List of 8 pairs, each consisting of

Raises:

ValueError – If Touchstone file is not 32-port.

Notes

  1. Input Touchstone file is assumed single-ended.

  2. The differential through and xtalk channels are returned.

  3. Port 2 of all returned channels correspond to the same physical circuit node, typically, the Rx input node.

pychopmarg.utility.sparams.sCshunt(freqs: ndarray[Any, dtype[Real]], c: float, r0: float = 50.0) Network[source]

Calculate the 2-port network for a shunt capacitance.

Parameters:
  • freqs – The frequencies at which to calculate network data (Hz).

  • c – The capacitance (F).

Keyword Arguments:

r0 – The reference impedance for the network (Ohms).

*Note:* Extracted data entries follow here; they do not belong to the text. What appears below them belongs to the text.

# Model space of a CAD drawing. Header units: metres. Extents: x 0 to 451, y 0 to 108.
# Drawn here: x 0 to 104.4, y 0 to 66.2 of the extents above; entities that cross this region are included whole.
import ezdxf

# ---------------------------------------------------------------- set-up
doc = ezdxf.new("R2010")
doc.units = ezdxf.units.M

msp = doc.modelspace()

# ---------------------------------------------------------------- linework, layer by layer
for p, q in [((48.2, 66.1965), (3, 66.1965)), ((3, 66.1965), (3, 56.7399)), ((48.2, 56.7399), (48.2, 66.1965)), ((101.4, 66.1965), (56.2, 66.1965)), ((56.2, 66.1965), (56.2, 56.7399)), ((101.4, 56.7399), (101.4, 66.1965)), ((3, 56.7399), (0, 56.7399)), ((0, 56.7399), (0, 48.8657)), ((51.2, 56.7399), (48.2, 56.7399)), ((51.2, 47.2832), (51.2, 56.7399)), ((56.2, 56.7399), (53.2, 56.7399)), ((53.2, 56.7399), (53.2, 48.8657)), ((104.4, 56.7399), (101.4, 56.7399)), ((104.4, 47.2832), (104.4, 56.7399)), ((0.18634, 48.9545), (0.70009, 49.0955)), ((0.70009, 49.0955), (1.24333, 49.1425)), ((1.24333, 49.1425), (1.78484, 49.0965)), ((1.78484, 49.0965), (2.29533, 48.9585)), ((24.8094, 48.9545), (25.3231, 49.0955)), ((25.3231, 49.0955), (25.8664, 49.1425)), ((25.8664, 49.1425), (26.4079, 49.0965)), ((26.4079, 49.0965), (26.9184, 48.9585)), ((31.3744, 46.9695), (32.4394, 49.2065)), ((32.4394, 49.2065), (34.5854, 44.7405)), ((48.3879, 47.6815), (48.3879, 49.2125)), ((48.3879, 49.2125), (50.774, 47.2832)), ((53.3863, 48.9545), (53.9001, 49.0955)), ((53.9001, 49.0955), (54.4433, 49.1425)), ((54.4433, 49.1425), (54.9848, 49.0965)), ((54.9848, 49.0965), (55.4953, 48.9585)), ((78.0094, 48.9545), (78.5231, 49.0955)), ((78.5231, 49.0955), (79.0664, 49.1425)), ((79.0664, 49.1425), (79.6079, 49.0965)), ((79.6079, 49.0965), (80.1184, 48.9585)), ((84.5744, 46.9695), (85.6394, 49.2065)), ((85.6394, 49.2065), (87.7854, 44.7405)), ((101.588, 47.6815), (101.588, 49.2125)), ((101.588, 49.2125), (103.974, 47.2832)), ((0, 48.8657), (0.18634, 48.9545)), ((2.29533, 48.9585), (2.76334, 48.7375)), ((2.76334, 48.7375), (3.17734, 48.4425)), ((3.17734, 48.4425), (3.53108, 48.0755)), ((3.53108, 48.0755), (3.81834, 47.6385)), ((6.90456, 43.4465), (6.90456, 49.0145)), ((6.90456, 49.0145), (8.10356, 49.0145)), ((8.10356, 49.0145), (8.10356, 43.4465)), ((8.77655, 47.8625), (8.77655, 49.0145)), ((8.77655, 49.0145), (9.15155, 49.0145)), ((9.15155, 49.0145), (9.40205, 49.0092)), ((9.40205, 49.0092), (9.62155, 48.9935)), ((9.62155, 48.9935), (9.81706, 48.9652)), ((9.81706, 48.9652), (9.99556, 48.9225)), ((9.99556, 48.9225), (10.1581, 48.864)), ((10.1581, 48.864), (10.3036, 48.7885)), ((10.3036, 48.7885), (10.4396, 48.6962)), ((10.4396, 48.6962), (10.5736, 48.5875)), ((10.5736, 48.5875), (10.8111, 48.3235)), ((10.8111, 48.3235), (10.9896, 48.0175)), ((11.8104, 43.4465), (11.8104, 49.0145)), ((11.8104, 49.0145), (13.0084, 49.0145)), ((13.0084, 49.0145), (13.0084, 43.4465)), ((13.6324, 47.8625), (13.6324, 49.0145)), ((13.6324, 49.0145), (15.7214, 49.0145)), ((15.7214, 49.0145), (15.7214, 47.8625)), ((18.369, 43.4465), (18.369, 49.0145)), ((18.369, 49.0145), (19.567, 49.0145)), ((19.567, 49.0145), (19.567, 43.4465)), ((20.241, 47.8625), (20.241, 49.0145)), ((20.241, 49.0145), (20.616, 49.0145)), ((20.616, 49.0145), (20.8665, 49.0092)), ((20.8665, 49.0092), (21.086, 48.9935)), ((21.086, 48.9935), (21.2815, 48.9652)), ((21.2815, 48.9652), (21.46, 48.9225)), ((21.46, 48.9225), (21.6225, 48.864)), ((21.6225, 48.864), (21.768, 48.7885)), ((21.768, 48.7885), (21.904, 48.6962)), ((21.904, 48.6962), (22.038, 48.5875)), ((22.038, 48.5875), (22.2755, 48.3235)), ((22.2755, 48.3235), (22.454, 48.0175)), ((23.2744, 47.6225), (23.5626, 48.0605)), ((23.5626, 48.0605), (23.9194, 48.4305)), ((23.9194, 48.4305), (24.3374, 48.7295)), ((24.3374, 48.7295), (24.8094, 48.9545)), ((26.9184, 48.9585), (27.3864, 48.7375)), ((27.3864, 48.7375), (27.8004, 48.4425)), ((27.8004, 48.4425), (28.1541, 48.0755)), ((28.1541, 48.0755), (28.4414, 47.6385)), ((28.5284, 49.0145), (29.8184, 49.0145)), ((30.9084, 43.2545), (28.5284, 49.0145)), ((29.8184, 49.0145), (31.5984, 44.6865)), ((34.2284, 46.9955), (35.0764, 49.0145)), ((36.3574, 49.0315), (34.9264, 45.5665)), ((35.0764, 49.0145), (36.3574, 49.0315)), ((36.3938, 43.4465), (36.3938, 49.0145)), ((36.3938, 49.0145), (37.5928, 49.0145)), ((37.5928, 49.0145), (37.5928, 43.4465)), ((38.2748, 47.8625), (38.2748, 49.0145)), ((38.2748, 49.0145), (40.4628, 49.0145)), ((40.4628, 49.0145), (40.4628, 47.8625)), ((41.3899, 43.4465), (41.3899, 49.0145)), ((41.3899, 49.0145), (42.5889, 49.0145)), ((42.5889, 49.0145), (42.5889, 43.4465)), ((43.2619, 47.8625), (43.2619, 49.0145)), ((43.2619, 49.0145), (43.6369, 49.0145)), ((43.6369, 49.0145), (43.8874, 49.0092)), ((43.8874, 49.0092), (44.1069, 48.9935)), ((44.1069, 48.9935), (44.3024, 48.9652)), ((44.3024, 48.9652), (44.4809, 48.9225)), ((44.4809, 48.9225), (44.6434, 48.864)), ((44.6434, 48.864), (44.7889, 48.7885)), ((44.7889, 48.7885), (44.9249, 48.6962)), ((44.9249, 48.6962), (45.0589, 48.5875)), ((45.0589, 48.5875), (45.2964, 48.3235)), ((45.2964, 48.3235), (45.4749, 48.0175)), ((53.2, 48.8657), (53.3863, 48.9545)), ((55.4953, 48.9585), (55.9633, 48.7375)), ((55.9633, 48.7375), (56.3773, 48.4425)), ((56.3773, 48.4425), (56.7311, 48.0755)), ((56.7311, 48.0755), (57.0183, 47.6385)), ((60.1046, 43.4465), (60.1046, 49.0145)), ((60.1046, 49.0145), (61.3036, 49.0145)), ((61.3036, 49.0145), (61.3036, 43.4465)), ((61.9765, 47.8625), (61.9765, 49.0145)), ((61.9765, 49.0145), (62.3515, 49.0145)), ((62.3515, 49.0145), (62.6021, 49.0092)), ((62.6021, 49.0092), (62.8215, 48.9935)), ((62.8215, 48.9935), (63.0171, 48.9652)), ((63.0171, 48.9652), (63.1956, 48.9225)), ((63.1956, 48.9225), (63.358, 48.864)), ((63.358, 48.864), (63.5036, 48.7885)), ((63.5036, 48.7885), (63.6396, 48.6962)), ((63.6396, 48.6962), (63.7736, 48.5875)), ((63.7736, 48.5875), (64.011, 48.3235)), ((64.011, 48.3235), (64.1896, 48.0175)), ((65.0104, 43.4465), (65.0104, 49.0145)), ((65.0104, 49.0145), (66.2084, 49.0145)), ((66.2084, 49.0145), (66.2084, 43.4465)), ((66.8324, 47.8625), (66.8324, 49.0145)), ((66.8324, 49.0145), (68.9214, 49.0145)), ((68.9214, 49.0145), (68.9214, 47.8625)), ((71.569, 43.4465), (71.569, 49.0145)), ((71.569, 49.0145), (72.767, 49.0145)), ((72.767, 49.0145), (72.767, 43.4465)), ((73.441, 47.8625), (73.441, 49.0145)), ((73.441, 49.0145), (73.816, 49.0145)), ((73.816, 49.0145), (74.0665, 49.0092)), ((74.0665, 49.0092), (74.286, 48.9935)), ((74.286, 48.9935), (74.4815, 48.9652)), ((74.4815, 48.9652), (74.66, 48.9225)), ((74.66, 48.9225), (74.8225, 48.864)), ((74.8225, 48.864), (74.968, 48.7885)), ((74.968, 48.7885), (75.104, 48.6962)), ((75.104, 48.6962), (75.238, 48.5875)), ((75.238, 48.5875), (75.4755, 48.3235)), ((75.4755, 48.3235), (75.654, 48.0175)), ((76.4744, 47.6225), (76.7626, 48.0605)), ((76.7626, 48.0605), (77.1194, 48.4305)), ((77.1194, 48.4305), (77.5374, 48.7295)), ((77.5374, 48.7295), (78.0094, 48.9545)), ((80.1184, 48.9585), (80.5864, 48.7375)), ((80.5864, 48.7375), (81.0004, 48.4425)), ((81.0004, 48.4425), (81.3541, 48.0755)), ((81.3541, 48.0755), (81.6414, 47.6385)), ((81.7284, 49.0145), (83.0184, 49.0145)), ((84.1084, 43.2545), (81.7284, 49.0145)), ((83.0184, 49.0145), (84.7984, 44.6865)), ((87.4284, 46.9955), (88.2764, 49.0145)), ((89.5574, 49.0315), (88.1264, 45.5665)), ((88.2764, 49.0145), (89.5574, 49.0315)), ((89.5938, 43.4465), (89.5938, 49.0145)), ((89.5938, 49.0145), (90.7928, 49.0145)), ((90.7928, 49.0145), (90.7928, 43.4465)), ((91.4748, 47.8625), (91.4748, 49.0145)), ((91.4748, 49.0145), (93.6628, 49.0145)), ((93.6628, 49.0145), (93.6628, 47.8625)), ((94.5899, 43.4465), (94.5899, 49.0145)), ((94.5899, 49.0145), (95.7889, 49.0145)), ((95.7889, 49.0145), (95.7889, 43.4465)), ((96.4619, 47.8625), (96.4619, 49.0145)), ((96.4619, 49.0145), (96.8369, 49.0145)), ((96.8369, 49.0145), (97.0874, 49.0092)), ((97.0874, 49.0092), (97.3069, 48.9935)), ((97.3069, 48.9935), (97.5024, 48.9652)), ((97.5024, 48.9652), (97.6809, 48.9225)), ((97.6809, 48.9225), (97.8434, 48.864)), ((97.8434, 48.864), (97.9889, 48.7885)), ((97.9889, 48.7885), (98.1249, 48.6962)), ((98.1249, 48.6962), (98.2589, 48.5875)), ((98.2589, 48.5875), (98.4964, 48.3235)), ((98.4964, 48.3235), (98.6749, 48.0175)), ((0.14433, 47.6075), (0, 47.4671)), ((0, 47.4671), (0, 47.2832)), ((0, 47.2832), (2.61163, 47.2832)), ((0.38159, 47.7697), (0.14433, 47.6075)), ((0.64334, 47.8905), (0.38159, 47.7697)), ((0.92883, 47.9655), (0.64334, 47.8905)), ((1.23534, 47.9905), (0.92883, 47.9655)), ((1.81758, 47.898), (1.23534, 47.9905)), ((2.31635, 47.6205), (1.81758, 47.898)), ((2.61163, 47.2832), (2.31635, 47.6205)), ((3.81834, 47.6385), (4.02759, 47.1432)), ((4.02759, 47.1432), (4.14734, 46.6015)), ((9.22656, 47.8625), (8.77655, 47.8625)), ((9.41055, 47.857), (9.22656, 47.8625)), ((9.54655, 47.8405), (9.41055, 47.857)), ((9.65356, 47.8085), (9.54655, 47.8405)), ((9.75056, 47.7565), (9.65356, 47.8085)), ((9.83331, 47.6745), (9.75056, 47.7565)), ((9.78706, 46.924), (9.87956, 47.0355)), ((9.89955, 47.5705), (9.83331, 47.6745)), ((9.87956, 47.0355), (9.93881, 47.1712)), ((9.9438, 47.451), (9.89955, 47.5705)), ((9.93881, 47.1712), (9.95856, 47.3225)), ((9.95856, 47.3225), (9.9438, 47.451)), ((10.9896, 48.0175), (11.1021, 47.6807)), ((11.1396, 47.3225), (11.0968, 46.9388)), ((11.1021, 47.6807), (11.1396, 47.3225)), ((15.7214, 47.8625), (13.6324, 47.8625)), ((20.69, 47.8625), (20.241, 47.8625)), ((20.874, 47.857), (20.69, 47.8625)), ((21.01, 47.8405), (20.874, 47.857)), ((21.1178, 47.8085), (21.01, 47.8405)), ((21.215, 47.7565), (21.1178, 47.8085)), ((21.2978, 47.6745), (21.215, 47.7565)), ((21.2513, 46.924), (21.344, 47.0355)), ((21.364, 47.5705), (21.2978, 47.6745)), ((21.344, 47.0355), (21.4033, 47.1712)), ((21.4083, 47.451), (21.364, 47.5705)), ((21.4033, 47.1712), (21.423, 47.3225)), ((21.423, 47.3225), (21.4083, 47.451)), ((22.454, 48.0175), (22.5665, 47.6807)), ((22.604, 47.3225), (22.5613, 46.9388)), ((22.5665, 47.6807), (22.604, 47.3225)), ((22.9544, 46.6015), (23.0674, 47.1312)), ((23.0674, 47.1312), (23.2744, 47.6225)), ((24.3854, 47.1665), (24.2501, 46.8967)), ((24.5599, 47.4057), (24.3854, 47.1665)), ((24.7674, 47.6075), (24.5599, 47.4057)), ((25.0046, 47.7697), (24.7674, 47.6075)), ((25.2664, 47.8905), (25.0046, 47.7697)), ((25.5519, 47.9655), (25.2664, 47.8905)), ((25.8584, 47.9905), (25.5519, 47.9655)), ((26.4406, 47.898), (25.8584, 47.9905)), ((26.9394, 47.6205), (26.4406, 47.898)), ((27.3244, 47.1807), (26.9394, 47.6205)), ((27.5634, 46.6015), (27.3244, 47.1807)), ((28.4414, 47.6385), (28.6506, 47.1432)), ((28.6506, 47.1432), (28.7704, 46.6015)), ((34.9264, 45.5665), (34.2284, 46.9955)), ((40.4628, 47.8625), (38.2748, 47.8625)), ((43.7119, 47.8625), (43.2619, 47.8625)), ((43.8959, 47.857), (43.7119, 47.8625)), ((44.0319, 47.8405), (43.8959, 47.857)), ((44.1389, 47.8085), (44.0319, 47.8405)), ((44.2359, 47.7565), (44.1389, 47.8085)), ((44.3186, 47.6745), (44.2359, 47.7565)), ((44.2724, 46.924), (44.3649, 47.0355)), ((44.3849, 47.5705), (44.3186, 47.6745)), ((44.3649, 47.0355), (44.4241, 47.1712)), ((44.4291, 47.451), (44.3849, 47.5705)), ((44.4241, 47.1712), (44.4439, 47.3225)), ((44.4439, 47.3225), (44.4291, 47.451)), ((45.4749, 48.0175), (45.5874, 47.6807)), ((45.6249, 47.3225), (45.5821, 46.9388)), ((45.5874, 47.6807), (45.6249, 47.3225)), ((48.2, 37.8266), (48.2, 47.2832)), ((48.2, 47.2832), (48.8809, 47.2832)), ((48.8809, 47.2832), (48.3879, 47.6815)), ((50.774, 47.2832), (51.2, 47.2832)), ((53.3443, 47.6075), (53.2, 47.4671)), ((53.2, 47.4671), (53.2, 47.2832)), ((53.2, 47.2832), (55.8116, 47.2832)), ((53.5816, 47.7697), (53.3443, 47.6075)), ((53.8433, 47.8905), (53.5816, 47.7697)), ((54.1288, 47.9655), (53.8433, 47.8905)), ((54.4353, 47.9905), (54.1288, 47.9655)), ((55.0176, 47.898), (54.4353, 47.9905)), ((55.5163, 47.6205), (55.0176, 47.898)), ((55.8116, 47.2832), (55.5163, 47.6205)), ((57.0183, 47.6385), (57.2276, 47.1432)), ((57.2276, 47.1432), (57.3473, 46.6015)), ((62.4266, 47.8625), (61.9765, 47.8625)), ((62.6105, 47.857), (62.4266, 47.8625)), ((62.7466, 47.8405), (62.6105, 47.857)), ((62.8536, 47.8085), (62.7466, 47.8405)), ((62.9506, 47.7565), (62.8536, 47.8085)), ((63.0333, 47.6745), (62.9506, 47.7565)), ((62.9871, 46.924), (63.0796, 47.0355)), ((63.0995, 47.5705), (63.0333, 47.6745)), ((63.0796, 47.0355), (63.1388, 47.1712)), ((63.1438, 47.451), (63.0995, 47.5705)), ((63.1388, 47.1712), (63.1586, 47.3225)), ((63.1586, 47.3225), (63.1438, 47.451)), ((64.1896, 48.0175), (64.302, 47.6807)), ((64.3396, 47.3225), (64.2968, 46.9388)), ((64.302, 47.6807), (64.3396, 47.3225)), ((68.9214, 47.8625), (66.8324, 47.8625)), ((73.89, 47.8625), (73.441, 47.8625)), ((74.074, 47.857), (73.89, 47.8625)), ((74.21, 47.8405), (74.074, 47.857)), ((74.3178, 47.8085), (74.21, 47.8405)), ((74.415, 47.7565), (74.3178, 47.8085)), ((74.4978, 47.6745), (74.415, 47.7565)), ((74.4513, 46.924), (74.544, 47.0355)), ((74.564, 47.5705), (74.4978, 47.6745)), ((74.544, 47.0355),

Default: 50 Ohms.

Returns:

The network corresponding to a shunt capacitance, c, calculated at the given frequencies, freqs.

pychopmarg.utility.sparams.sLseries(freqs: ndarray[Any, dtype[Real]], inductance: float, r0: float = 50.0) Network[source]

Calculate the 2-port network for a series inductance.

Parameters:
  • freqs – The frequencies at which to calculate network data (Hz).

  • inductance – The inductance (H).

Keyword Arguments:

r0 – The reference impedance for the network (Ohms). Default: 50 Ohms.

Returns:

The network corresponding to a series inductance, inductance, calculated at the given frequencies, freqs.

pychopmarg.utility.sparams.sDieLadderSegment(freqs: ndarray[Any, dtype[Real]], trip: tuple[float, float, float]) Network[source]

Calculate one segment of the on-die parasitic ladder network.

Parameters:
  • f – List of frequencies to use for network creation (Hz).

  • trip

    Triple containing:

    • R0: Reference impedance for network (Ohms).

    • Cd: Shunt capacitance (F).

    • Ls: Series inductance (H).

Returns:

Two port network for segment.

pychopmarg.utility.sparams.sPkgTline(f: ndarray[Any, dtype[Real]], r0: float, a1: float, a2: float, tau: float, gamma0: float, z_pairs: list[tuple[float, float]]) Network[source]

Return the 2-port network corresponding to a package transmission line, according to (93A-9:14).

Parameters:
  • f – Frequencies at which to calculate S-parameters (Hz).

  • r0 – System reference impedance (Ohms).

  • a1 – First polynomial coefficient (sqrt_ns/mm).

  • a2 – Second polynomial coefficient (ns/mm).

  • tau – Propagation delay (ns/mm).

  • gamma0 – Propagation loss constant (1/mm).

  • z_pairs

    List of pairs defining the T-line segments, each containing:

    • zc: Characteristic impedance of segment (Ohms).

    • zp: Length of segment (mm).

Returns:

2-port network equivalent to package transmission line.